**Exercise goal:** Please repeat the entries exactly as they appear and omit any images.
(Record set begins)
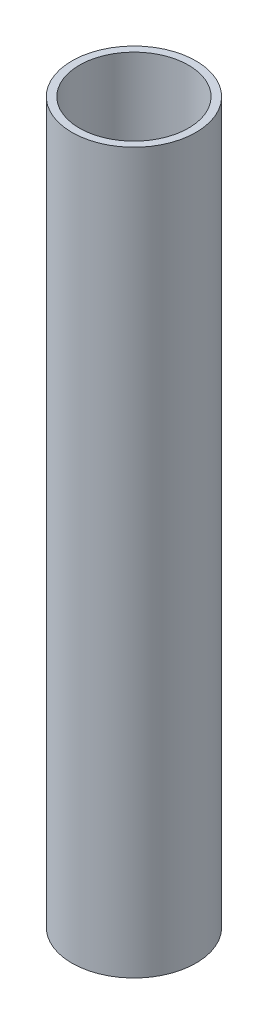
SolidWorks part; units mm, degrees
material "Thornel Mat VMA"
ref_plane "前视基准面" through (0, 0, 0) normal (0, 0, 1) x (1, 0, 0)
ref_plane "上视基准面" through (0, 0, 0) normal (0, 1, 0) x (1, 0, 0)
ref_plane "右视基准面" through (0, 0, 0) normal (1, 0, 0) x (0, 0, -1)
sketch "草图1" plane through (0, 0, 0) normal (0, 1, 0) x (1, 0, 0)
  circle A0 centre (0, 0) radius 11
  circle A1 centre (0, 0) radius 12.5
  dimension "D1" = 25
  dimension "D2" = 22
extrude "凸台-拉伸1" add sketch "草图1" along normal blind 145
(Record set ends)
**Solved problem:**
SolidWorks part; units mm, degrees
material "Thornel Mat VMA"
ref_plane "前视基准面" through (0, 0, 0) normal (0, 0, 1) x (1, 0, 0)
ref_plane "上视基准面" through (0, 0, 0) normal (0, 1, 0) x (1, 0, 0)
ref_plane "右视基准面" through (0, 0, 0) normal (1, 0, 0) x (0, 0, -1)
sketch "草图1" plane through (0, 0, 0) normal (0, 1, 0) x (1, 0, 0)
  circle A0 centre (0, 0) radius 11
  circle A1 centre (0, 0) radius 12.5
  dimension "D1" = 25
  dimension "D2" = 22
extrude "凸台-拉伸1" add sketch "草图1" along normal blind 145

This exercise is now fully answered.